TASK: Check every line below for the word "circle" and show those that hold it.

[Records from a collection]
·····

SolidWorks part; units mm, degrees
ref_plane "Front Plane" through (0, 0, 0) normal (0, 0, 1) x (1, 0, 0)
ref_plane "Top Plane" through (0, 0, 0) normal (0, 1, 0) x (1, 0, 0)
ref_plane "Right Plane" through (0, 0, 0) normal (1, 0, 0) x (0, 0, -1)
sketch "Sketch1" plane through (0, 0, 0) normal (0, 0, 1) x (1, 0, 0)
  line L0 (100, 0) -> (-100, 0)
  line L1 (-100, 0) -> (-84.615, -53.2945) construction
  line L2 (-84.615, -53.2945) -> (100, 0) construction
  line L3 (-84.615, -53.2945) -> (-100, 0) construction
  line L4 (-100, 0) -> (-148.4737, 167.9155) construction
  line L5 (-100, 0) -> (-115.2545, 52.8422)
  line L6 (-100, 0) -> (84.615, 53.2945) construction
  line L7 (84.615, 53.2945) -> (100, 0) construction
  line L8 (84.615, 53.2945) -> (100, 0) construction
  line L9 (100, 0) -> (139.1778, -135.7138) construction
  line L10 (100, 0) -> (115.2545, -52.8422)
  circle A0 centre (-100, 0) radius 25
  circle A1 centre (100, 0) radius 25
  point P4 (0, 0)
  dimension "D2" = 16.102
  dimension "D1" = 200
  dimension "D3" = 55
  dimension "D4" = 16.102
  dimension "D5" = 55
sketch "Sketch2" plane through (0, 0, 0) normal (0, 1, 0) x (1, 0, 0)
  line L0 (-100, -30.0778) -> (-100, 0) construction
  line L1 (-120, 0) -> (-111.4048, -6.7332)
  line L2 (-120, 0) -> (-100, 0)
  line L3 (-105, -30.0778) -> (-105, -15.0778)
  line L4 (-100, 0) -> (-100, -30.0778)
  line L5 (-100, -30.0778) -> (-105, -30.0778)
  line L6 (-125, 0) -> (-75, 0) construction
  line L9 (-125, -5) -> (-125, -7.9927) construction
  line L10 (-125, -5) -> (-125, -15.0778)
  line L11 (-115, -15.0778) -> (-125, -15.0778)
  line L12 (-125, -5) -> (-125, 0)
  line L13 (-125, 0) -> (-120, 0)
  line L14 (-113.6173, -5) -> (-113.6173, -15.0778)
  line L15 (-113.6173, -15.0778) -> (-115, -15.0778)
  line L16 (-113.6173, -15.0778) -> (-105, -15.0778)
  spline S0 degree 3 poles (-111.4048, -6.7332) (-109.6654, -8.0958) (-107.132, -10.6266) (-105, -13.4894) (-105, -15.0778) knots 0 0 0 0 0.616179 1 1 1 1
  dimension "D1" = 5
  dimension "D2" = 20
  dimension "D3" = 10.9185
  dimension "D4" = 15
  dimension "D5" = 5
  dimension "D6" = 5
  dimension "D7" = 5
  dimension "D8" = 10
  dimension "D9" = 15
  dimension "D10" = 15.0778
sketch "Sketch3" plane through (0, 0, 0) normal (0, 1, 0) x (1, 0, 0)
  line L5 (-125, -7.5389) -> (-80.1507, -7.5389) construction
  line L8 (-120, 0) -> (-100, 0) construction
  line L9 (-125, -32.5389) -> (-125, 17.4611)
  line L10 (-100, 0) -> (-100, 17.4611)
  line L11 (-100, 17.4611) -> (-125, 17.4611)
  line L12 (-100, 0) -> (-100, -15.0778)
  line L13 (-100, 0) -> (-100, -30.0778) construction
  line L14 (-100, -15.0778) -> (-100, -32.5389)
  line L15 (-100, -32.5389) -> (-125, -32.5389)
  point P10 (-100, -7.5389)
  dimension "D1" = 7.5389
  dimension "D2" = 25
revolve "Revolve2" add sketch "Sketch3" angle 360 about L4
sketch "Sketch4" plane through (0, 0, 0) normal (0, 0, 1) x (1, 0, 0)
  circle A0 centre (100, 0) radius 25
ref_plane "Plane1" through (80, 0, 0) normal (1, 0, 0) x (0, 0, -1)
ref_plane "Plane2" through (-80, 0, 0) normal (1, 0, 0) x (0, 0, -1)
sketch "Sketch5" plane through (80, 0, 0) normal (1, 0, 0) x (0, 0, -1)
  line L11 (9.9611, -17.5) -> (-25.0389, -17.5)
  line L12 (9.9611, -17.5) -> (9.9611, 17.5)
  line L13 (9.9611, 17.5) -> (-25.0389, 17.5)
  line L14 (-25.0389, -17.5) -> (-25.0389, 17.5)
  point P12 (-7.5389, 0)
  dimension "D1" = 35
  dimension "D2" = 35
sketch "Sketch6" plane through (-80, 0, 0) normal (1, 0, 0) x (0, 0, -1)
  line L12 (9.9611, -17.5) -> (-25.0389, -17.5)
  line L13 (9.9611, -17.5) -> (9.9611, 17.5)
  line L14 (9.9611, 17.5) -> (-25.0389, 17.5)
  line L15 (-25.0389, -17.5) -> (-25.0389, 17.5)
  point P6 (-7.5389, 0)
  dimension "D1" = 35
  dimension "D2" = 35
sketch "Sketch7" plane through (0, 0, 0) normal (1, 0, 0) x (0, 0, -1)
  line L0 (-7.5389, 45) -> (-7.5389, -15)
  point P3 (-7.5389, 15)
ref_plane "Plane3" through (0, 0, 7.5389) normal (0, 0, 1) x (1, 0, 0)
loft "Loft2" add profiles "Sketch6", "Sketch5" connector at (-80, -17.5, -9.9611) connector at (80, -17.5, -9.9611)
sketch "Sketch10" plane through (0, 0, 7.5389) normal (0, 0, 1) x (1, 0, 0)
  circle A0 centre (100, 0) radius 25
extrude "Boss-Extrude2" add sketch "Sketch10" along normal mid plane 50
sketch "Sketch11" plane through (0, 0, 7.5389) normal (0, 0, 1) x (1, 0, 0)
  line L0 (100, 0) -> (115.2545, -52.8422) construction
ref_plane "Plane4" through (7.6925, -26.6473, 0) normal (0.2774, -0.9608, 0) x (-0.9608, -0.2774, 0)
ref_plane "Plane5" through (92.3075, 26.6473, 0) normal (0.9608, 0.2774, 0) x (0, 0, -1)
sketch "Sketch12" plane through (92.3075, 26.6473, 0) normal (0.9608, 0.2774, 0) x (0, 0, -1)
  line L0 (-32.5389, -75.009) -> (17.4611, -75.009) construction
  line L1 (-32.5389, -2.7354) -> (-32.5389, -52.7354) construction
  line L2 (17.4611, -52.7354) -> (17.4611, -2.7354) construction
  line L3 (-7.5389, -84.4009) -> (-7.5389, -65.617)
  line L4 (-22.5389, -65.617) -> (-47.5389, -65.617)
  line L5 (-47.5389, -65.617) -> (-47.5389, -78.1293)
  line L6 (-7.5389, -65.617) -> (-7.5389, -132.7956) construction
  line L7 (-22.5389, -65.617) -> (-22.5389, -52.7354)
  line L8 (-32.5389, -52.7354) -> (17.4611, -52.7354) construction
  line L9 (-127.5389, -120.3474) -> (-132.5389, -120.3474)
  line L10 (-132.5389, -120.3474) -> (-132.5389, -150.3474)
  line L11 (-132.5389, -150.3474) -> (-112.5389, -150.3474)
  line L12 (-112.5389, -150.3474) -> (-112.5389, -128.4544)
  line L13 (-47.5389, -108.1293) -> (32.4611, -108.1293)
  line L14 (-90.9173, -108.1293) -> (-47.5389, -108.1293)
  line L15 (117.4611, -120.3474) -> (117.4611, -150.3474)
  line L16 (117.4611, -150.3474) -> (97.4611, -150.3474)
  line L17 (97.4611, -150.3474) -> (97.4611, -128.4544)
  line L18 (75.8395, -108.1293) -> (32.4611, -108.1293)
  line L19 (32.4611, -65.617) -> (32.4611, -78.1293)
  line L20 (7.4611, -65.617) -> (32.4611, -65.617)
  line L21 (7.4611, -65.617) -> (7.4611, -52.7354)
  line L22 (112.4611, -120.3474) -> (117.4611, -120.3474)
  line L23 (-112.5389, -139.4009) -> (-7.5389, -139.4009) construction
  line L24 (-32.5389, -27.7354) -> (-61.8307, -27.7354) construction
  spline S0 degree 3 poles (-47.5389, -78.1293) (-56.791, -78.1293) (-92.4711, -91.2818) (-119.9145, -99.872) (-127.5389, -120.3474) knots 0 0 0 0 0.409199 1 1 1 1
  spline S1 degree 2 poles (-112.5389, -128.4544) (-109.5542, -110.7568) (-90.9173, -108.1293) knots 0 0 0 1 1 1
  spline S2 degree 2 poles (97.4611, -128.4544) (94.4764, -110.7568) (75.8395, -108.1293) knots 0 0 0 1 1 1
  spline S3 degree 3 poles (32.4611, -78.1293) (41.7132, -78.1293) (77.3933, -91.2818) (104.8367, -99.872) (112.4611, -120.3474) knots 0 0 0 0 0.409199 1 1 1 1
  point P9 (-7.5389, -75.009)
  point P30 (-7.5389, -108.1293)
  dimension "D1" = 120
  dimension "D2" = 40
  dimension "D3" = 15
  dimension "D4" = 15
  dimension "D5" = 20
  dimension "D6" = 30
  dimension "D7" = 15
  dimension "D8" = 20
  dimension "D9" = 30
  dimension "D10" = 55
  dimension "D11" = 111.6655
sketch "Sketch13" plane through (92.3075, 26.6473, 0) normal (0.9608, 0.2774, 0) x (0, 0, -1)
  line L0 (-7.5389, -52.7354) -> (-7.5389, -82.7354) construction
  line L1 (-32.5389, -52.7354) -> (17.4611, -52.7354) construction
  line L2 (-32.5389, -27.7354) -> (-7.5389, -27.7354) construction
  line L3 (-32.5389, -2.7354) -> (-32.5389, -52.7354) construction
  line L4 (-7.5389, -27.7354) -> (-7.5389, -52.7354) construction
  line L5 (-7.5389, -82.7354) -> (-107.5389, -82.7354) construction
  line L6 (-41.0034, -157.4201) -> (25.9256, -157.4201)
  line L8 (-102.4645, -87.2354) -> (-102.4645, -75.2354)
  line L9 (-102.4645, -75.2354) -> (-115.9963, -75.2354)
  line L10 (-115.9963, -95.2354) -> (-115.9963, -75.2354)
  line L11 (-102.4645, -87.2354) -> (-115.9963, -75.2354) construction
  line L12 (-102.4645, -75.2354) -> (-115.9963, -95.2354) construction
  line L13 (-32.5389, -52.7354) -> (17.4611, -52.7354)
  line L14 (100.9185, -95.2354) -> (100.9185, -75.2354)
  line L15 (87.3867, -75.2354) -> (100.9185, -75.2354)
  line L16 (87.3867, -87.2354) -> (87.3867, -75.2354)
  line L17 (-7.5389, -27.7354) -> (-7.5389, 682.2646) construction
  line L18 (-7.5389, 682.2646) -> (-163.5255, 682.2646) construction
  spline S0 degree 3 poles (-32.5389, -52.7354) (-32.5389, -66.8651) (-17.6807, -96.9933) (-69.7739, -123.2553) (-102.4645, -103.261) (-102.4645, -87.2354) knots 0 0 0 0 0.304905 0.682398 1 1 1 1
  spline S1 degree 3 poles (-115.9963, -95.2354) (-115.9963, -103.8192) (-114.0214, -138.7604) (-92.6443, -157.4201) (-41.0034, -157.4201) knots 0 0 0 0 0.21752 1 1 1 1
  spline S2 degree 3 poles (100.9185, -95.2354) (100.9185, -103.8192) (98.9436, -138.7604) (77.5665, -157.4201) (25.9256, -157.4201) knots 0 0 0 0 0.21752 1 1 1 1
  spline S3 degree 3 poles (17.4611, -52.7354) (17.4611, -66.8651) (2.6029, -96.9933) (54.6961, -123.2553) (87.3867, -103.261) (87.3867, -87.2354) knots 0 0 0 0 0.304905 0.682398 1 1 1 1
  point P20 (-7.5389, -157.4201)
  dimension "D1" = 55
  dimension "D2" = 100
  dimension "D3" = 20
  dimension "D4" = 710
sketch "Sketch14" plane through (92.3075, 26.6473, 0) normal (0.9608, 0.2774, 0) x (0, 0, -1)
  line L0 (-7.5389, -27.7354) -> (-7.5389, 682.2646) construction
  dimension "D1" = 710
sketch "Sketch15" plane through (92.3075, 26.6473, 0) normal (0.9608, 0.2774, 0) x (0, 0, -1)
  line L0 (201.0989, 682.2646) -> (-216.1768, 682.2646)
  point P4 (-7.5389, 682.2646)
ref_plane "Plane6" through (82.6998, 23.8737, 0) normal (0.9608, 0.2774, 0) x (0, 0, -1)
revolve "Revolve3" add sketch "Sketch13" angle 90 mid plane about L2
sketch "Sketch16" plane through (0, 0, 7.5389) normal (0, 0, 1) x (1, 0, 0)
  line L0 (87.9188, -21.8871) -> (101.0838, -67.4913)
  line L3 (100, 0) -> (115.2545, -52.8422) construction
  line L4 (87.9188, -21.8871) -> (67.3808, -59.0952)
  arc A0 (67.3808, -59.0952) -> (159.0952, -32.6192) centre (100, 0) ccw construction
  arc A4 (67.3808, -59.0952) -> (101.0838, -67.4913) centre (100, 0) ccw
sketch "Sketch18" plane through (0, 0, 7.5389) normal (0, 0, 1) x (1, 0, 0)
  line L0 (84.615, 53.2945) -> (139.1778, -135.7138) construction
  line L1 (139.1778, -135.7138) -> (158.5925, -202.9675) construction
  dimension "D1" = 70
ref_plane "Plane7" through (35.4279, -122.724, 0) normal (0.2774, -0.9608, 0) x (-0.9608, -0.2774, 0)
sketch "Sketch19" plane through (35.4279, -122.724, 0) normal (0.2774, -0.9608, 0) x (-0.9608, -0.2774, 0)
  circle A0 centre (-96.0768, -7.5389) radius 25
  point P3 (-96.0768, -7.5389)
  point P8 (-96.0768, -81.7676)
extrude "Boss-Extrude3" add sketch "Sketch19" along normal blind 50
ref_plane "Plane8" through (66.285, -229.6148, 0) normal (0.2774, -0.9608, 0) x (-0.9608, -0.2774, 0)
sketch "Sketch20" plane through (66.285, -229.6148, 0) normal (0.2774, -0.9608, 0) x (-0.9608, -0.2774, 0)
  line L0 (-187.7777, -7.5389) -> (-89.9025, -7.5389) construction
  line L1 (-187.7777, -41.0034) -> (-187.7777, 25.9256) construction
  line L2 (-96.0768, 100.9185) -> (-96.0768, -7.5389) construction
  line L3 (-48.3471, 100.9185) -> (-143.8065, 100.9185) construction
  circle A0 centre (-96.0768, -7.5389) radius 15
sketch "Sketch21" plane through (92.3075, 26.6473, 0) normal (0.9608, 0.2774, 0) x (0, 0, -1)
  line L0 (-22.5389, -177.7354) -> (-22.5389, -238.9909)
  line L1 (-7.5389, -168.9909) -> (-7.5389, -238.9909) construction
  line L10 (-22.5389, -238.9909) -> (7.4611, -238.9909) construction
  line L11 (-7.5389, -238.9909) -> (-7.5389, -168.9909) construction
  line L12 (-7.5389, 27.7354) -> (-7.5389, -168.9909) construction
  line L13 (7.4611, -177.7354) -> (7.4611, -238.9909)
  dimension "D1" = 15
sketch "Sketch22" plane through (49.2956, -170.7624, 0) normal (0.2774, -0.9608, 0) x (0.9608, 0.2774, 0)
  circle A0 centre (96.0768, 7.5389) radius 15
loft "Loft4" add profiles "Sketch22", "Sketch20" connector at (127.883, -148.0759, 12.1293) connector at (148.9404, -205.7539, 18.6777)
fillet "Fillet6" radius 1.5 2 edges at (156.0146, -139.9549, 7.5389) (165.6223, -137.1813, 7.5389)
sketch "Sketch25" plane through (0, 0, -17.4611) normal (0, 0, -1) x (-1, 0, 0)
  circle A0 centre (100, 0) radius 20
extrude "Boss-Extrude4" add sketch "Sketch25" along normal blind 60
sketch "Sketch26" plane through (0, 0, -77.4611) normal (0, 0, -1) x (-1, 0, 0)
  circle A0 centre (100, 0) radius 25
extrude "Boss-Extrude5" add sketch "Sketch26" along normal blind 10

·····

EXERCISE SOLUTION:
  circle A0 centre (-100, 0) radius 25
  circle A1 centre (100, 0) radius 25
  circle A0 centre (100, 0) radius 25
  circle A0 centre (100, 0) radius 25
  circle A0 centre (-96.0768, -7.5389) radius 25
  circle A0 centre (-96.0768, -7.5389) radius 15
  circle A0 centre (96.0768, 7.5389) radius 15
  circle A0 centre (100, 0) radius 20
  circle A0 centre (100, 0) radius 25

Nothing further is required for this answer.